Thursday, July 24, 2008

Life is a 'Cabaret' at the Eastern Slope Playhouse

The Eastern Slope Playhouse has been transformed into the seedy and oh-so-sensual Kit Kat Klub for The Mount Washington Theatre Company’s lively and entertaining rendition of “Cabaret,” which is running — except Monday — at 8 p.m. through Aug. 2.

Director/choreographer Clay James’ production of “Cabaret” is an immersive experience. Even before the show begins, actors have already been mingling with theater patrons and chatting them up in character.

In the opening number, “Willkommen,” the emcee (Jesse Luttrell) welcomes the audience to the club, and the musical itself and ventures into the audience as he introduces the men and women of the cabaret. It kicks the show off with a bang and is the sort of pull-out-all-the-stops number you expect much later in a show. The tone is set for a show that isn’t afraid to be flamboyant, a bit crass and very sexual.

“Cabaret” is set in Germany during the 1930s as the Nazis are coming to power and alternates between the stage shows at the Kit Kat Klub and the romance of its star performer Sally Bowles (Liz Clark Golson) and Clifford Bradshaw (Grant Golson), an American writer seeking inspiration.

At its core, “Cabaret” is a love story that turns tragic with the inevitable arrival of Nazism in Berlin. The first act is buoyant and lighthearted as Sally leaves the Kit Kat Klub to live with Cliff. Cliff and Sally allow their love to blind them to everything around them as they join in Berlin’s non-stop party.

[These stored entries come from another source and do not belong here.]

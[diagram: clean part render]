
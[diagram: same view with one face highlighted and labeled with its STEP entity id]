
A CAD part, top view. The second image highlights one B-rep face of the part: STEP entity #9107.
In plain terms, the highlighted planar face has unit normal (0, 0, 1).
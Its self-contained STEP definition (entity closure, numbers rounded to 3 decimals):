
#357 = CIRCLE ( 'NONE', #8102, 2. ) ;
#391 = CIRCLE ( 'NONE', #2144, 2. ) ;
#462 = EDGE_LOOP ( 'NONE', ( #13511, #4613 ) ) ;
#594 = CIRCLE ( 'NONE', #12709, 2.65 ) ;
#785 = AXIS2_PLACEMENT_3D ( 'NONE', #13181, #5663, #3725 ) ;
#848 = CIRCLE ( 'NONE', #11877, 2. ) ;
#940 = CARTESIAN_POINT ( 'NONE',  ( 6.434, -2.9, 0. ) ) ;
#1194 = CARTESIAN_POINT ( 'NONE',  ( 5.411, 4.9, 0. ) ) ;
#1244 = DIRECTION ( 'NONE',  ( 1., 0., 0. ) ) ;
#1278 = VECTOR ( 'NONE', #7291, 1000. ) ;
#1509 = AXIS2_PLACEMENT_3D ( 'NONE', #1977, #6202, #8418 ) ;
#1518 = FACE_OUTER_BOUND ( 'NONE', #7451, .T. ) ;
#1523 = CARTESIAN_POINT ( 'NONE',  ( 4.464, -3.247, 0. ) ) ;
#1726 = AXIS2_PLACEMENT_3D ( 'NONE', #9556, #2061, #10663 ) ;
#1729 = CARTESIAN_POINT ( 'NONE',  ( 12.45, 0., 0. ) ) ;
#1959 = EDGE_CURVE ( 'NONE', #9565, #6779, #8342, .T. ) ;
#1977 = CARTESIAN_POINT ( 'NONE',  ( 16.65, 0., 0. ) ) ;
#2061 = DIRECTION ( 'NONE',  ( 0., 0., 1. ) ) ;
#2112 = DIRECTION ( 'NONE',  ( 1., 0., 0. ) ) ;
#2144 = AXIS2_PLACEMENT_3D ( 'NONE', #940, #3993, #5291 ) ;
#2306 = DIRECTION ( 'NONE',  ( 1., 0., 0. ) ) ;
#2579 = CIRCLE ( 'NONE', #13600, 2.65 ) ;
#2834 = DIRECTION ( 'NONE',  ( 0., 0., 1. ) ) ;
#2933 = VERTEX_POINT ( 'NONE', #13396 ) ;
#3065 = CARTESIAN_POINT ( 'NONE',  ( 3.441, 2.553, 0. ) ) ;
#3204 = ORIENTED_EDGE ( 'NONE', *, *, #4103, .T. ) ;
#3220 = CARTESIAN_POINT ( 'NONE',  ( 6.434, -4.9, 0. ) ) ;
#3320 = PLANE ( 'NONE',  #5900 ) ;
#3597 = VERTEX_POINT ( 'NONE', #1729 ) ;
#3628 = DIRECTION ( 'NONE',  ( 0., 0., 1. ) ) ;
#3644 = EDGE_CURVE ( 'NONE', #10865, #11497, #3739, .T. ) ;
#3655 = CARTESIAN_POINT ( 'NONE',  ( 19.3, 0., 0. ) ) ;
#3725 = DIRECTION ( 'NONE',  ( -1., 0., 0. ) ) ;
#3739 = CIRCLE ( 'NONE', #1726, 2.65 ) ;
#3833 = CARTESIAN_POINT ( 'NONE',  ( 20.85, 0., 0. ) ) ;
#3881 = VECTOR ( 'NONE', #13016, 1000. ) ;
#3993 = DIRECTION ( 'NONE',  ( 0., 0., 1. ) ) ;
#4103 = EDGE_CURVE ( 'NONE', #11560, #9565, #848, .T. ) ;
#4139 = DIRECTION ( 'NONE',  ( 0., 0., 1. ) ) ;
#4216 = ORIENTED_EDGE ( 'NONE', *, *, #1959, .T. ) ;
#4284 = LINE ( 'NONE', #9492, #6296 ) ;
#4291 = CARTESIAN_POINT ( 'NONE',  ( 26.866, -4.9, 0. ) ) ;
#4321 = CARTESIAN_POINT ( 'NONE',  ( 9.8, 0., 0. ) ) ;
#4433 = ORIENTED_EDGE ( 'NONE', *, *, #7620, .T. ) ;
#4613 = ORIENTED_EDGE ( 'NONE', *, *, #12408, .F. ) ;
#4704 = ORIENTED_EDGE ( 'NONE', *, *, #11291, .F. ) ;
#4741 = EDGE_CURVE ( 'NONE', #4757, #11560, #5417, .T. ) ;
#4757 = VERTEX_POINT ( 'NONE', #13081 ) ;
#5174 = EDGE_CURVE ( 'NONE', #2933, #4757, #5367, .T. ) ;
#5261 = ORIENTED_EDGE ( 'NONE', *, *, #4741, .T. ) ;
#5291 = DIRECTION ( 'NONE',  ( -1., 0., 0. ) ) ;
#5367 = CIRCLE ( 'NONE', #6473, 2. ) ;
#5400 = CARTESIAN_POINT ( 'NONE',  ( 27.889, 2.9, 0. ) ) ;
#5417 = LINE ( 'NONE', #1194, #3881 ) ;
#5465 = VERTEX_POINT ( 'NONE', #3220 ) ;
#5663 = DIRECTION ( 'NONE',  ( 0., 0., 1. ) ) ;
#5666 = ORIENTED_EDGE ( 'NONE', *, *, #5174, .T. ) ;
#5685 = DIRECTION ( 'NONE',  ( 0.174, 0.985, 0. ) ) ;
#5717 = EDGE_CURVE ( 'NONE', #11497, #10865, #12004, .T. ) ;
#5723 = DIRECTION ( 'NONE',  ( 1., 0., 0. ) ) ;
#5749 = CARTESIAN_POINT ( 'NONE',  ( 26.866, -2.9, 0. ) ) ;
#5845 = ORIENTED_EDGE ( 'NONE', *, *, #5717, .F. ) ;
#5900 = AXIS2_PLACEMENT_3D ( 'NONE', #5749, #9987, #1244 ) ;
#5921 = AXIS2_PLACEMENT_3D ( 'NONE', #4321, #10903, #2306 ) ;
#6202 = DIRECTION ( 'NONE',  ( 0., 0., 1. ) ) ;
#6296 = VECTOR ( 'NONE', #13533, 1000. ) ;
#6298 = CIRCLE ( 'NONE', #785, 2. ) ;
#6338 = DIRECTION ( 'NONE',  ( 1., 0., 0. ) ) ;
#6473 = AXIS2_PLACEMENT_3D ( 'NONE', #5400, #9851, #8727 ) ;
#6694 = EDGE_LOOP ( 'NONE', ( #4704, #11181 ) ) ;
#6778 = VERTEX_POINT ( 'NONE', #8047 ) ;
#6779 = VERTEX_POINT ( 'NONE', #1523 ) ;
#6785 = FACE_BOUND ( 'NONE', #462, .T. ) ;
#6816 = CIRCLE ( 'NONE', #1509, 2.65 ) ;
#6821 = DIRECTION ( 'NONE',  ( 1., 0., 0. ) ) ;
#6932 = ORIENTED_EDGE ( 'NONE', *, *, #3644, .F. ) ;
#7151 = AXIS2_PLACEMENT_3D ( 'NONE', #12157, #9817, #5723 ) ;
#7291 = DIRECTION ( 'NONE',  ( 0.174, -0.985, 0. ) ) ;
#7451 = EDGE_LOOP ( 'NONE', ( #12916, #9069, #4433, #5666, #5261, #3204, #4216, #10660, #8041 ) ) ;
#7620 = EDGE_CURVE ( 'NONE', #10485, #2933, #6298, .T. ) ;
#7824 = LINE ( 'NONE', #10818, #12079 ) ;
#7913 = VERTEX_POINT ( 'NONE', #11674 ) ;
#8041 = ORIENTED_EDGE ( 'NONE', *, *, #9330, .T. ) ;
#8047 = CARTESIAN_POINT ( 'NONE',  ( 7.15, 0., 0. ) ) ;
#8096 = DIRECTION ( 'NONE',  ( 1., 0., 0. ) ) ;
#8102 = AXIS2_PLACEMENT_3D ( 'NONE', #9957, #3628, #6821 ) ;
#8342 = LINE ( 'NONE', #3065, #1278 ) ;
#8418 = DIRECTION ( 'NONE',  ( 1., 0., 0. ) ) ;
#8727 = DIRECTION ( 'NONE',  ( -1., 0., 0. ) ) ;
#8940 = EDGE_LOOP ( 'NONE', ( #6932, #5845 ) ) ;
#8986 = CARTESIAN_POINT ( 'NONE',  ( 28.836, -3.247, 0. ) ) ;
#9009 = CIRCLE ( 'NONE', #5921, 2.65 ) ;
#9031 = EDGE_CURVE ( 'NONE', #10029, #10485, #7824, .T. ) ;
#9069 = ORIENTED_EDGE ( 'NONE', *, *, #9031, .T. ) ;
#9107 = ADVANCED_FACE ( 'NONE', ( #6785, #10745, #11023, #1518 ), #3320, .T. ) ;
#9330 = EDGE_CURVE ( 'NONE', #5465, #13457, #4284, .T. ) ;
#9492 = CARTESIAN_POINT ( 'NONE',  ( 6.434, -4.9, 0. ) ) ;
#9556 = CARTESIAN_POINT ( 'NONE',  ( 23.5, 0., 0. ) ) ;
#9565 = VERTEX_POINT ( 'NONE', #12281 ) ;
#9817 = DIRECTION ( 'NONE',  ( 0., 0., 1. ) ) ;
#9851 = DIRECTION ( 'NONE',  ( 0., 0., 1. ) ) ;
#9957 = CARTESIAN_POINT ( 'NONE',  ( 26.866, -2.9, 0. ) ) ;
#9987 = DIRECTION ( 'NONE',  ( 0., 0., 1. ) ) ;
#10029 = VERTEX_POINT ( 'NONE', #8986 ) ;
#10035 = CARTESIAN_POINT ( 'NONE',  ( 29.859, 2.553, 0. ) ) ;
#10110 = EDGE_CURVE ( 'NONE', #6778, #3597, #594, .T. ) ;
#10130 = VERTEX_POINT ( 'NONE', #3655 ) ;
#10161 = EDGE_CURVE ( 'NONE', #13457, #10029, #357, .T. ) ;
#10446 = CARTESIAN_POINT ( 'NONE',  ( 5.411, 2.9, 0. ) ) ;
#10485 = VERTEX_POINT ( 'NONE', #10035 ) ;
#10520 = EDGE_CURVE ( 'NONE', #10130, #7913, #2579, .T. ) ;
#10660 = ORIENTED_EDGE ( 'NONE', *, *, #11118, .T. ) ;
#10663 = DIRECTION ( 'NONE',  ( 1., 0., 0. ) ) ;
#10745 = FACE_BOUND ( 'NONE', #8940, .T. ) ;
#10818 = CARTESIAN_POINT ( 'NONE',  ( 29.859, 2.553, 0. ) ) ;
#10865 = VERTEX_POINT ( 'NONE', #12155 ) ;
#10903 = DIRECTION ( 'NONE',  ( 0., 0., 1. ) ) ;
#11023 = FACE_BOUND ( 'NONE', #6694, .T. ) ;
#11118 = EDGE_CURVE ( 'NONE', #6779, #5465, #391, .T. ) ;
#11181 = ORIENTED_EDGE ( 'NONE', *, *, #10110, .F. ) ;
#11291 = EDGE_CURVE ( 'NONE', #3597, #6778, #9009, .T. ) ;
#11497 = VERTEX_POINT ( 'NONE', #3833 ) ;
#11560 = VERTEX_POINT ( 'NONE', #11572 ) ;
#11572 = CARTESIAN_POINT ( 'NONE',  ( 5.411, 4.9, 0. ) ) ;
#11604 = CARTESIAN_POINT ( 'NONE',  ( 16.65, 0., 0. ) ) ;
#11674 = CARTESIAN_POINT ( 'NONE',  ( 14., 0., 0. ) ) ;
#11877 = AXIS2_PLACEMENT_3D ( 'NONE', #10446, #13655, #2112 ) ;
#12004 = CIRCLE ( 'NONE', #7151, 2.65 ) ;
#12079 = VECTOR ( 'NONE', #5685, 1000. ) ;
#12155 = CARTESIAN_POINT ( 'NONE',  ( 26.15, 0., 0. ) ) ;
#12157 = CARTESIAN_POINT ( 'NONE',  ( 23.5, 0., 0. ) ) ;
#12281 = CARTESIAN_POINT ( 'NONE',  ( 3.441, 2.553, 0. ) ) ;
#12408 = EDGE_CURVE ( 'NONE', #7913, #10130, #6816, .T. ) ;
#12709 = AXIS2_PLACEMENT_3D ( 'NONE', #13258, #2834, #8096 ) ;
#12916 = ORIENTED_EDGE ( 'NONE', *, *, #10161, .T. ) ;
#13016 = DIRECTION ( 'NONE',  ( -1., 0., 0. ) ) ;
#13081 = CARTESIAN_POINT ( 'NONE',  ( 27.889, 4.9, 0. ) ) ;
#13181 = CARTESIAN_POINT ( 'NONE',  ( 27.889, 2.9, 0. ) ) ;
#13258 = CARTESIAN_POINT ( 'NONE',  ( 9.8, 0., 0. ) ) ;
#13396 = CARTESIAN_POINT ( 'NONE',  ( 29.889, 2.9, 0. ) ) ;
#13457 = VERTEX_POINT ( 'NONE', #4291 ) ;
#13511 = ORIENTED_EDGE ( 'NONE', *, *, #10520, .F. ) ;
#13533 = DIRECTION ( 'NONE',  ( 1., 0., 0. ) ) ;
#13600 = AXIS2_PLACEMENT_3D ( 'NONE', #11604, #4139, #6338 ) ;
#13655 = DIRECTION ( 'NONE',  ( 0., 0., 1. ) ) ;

There’s a sweet parallel love story involving Cliff’s landlady Fraulein Schneider (Megan Thomas) with one of her tenets Herr Shultz (Craig Holden). Although their love story is secondary, Thomas and Holden’s endearing performances make it the heart of the play.

Clark Golson and Golson, who got married this summer, have a playful chemistry, with Golson playing straight-man to Clark Golson’s impetuous and naïve Sally. Clark Golson has the big shoes of Lisa Minnelli to fill, and while she doesn’t match that high watermark — few could after all — her take on Sally is fun and, when it has to be, quite affecting.

Those familiar with the 1972 film adaptation of the original 1968 Broadway staging of “Cabaret” are in for a surprise, because James’ production is more in line with the 1998 revival of the show. That reworking of the show turned up the volume on the show’s innate sexuality and bisexuality.

The emcee of the Kit Kat Klub was originally played by Joel Grey in a Tony and Academy Award winning performance. The character was re-imagined by Alan Cumming in a Tony Award winning performance. Cumming’s take was more sexualized and boisterously over-the-top than Grey’s. Luttrell follows closely to Cumming’s interpretation, but that is not a criticism. Luttrell has a vibrant and mischievous presence that is a exhilarating whenever he comes on stage.

The cabaret song and dances such as “Don’t Tell Mama,” “Two Ladies” and “Money” are full of infectious energy and are inventively choreographed by James. The subversive natures of the lyrics are well matched by the provocative dance routines that feature numerous dancers often in elaborate synchronized routines. Everything is delivered with an impressive precision.

The songs that take place off the Kit Kat stage may seem dull in comparison, and in some cases, with more conventional ballads like “Maybe This Time,” it seems the production is dragging. But these quieter “real life” performances are in their own way just as irreverent as those of the Kit Kat Klub and are a nice balance to the musical’s more outrageous moments.

As the real life scenes turn bleak — the first appearance of a swastika arm band is a shocker — so do the scenes at the Kit Kat Klub. When the curtain rises on the second act, the tone has shifted and James’ production handles the change well and earns its emotional payoffs.

The Kit Kat Klub performances, which in the first act were frivolous, begin to reflect the growing atmosphere of fear and persecution. “I Don’t Care Much” and the title song, sung by Luttrell and Clark Golson, respectively, are delivered with heart-wrenching bravado, and their one-two punch will stir even the most stone-faced.

The production’s final scenes become progressively darker, as what was previously just an ominous feeling becomes a harsh reality. For a show that starts out so frothy, it may be a shock for some how profoundly and deeply affecting the show’s final moments are. There is a real sense of pain that gives the whole show an extra weight and makes “Cabaret” more than just light escapism.